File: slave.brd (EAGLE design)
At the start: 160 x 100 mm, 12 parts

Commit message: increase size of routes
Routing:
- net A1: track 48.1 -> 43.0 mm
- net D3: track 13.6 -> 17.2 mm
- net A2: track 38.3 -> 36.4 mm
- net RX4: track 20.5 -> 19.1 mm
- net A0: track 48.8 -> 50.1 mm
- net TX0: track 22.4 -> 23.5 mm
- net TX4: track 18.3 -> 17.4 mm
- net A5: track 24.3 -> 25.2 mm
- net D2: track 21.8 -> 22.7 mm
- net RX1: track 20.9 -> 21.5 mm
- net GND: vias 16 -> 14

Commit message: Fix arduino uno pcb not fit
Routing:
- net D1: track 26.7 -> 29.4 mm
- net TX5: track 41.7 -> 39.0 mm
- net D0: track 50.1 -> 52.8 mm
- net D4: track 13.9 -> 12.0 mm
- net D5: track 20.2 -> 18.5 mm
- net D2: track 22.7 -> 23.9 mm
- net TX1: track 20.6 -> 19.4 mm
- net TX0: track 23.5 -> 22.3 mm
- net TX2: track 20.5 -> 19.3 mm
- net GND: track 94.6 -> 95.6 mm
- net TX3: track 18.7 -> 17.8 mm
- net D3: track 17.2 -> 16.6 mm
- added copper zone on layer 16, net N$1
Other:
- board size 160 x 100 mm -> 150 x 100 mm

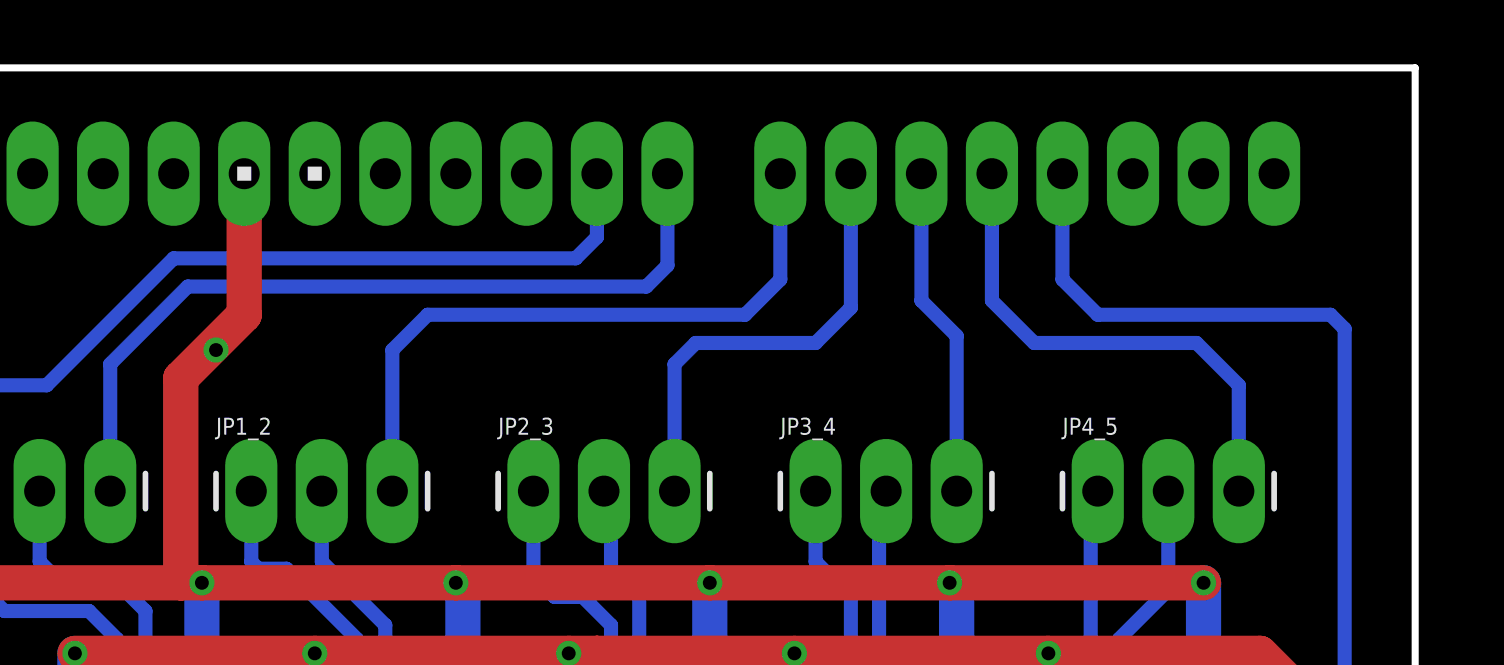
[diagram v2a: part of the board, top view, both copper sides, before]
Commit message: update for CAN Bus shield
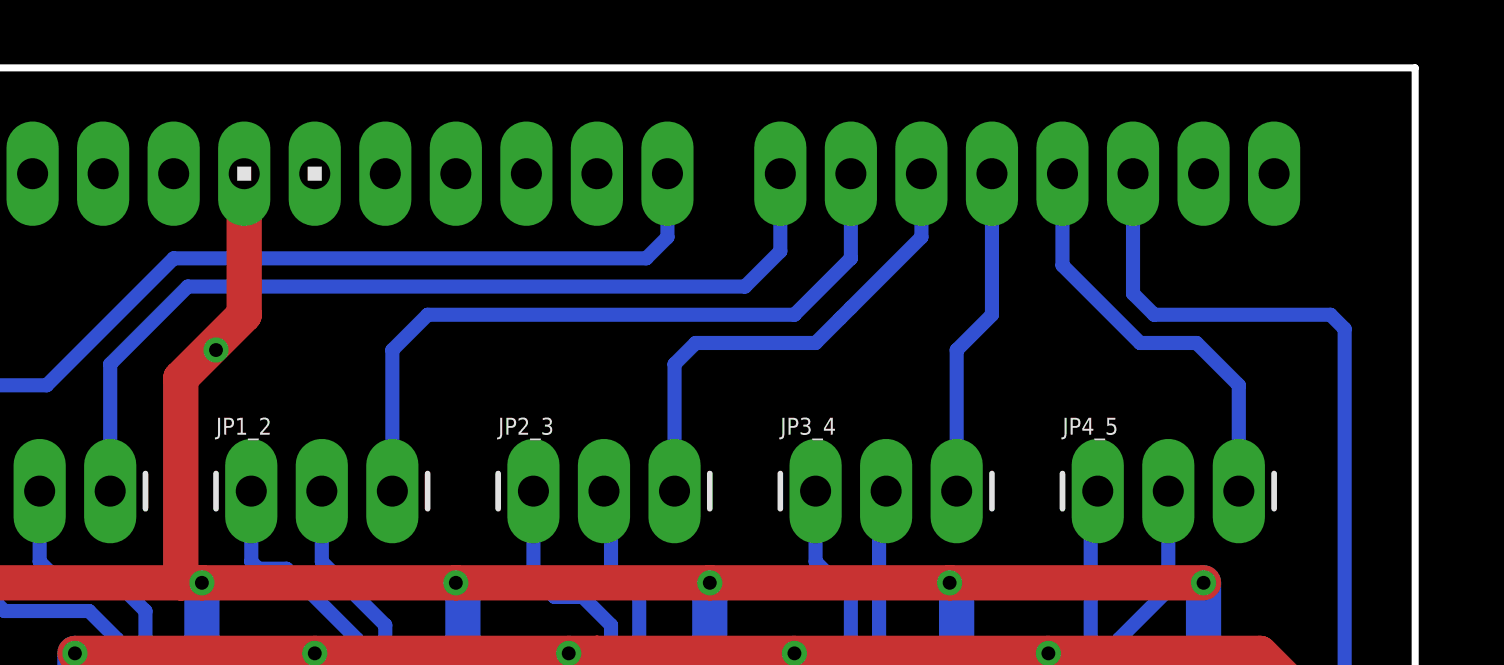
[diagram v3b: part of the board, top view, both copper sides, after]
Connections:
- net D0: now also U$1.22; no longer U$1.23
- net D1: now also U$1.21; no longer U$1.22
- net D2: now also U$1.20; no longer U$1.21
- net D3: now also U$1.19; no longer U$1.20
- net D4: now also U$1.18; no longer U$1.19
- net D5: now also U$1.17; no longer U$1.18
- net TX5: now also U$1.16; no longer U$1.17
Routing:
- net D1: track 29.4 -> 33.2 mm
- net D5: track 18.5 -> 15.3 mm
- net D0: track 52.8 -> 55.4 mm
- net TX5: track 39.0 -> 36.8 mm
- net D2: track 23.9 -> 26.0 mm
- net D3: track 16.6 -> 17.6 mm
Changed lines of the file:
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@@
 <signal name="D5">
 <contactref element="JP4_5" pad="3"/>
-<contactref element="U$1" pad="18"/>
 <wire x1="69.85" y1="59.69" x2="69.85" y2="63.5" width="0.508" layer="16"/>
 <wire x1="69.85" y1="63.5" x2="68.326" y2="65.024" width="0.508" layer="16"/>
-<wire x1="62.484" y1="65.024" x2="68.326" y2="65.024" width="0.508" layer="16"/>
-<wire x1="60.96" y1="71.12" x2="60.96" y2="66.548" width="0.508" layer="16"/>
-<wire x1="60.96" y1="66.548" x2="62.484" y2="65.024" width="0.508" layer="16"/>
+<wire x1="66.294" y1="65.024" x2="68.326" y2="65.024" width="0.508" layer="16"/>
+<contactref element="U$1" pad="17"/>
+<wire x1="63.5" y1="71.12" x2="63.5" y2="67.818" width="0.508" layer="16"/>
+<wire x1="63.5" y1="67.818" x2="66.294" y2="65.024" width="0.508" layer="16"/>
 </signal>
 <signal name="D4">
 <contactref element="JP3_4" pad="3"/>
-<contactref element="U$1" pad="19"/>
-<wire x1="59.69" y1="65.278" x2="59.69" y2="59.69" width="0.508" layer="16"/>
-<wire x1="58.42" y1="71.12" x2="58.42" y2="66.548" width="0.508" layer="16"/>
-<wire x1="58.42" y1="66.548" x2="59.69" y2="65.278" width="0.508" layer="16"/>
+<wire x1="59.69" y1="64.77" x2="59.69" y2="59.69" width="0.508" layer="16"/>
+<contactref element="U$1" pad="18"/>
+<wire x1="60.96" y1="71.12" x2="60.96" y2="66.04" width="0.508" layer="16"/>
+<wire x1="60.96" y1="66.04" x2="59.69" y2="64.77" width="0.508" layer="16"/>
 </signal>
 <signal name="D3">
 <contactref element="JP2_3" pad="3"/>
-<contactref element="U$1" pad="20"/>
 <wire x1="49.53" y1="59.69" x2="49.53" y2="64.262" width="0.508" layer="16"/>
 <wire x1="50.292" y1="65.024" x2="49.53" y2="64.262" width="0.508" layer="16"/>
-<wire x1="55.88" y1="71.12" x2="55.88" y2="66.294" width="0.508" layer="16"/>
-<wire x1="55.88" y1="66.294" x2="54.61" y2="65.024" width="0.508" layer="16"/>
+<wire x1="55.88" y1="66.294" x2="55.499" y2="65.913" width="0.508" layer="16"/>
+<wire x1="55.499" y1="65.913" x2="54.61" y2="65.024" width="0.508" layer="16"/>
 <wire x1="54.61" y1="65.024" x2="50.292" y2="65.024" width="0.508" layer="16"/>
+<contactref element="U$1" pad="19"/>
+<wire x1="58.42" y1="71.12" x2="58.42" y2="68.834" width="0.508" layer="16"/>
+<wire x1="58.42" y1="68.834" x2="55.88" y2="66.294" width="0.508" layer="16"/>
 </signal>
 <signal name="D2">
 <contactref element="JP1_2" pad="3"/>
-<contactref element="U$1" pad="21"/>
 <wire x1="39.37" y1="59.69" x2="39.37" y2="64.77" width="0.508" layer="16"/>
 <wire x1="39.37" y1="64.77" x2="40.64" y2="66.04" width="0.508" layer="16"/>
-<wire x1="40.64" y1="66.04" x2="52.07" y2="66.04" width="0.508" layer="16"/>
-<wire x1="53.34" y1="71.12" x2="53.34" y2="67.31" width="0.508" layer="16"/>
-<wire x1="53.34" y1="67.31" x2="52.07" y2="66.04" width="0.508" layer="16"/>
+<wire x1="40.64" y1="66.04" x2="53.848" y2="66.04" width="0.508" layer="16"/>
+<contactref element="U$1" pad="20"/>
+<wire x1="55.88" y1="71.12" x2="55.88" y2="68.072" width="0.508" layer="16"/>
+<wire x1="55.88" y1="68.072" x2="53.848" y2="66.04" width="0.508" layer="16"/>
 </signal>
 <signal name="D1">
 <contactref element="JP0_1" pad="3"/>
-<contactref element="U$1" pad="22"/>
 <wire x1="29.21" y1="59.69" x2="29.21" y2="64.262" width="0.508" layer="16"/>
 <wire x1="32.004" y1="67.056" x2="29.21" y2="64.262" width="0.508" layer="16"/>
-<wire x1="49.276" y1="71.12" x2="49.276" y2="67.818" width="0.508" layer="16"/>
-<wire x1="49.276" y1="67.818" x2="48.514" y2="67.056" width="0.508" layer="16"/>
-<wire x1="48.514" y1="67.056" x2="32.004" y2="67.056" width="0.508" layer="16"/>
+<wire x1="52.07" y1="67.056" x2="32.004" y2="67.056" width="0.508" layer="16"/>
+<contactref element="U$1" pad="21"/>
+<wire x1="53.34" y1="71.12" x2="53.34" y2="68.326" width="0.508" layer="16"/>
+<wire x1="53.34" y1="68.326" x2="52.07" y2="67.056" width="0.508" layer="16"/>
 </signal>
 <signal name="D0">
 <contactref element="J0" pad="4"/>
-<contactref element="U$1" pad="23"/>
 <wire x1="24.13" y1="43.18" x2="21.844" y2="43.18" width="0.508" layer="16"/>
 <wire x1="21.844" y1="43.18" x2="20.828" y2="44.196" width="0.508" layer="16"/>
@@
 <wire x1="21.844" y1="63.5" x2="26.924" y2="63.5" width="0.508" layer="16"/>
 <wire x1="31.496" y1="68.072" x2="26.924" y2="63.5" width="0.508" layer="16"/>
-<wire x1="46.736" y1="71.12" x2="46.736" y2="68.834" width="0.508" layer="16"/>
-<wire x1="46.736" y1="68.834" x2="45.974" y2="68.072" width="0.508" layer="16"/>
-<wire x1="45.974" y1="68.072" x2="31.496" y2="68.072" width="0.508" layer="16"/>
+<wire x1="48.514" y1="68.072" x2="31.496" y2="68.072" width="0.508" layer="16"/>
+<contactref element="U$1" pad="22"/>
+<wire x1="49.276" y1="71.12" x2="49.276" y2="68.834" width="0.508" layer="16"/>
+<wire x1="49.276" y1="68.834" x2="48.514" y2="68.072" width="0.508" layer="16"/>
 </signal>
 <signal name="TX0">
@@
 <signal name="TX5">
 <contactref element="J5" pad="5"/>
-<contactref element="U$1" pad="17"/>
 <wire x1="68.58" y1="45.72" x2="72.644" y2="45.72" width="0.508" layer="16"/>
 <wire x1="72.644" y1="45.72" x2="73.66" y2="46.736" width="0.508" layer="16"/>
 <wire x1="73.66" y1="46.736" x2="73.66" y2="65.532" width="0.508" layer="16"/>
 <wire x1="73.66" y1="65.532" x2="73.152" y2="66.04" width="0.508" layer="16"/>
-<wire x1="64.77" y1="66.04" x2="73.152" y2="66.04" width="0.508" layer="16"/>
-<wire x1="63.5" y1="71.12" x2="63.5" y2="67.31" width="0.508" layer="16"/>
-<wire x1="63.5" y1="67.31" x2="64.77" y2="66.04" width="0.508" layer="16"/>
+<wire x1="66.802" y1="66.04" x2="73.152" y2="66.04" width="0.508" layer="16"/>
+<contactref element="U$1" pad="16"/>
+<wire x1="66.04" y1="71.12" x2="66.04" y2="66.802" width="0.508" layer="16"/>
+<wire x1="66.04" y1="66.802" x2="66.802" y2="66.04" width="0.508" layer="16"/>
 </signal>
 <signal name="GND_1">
########################################
Task prompt – Repeat every line of the data word for word until you have repeated the line that contains "- net D2: track 22.7 -> 23.9 mm", which is the last one to include.

Solution for this problem –
File: slave.brd (EAGLE design)
At the start: 160 x 100 mm, 12 parts

Commit message: increase size of routes
Routing:
- net A1: track 48.1 -> 43.0 mm
- net D3: track 13.6 -> 17.2 mm
- net A2: track 38.3 -> 36.4 mm
- net RX4: track 20.5 -> 19.1 mm
- net A0: track 48.8 -> 50.1 mm
- net TX0: track 22.4 -> 23.5 mm
- net TX4: track 18.3 -> 17.4 mm
- net A5: track 24.3 -> 25.2 mm
- net D2: track 21.8 -> 22.7 mm
- net RX1: track 20.9 -> 21.5 mm
- net GND: vias 16 -> 14

Commit message: Fix arduino uno pcb not fit
Routing:
- net D1: track 26.7 -> 29.4 mm
- net TX5: track 41.7 -> 39.0 mm
- net D0: track 50.1 -> 52.8 mm
- net D4: track 13.9 -> 12.0 mm
- net D5: track 20.2 -> 18.5 mm
- net D2: track 22.7 -> 23.9 mm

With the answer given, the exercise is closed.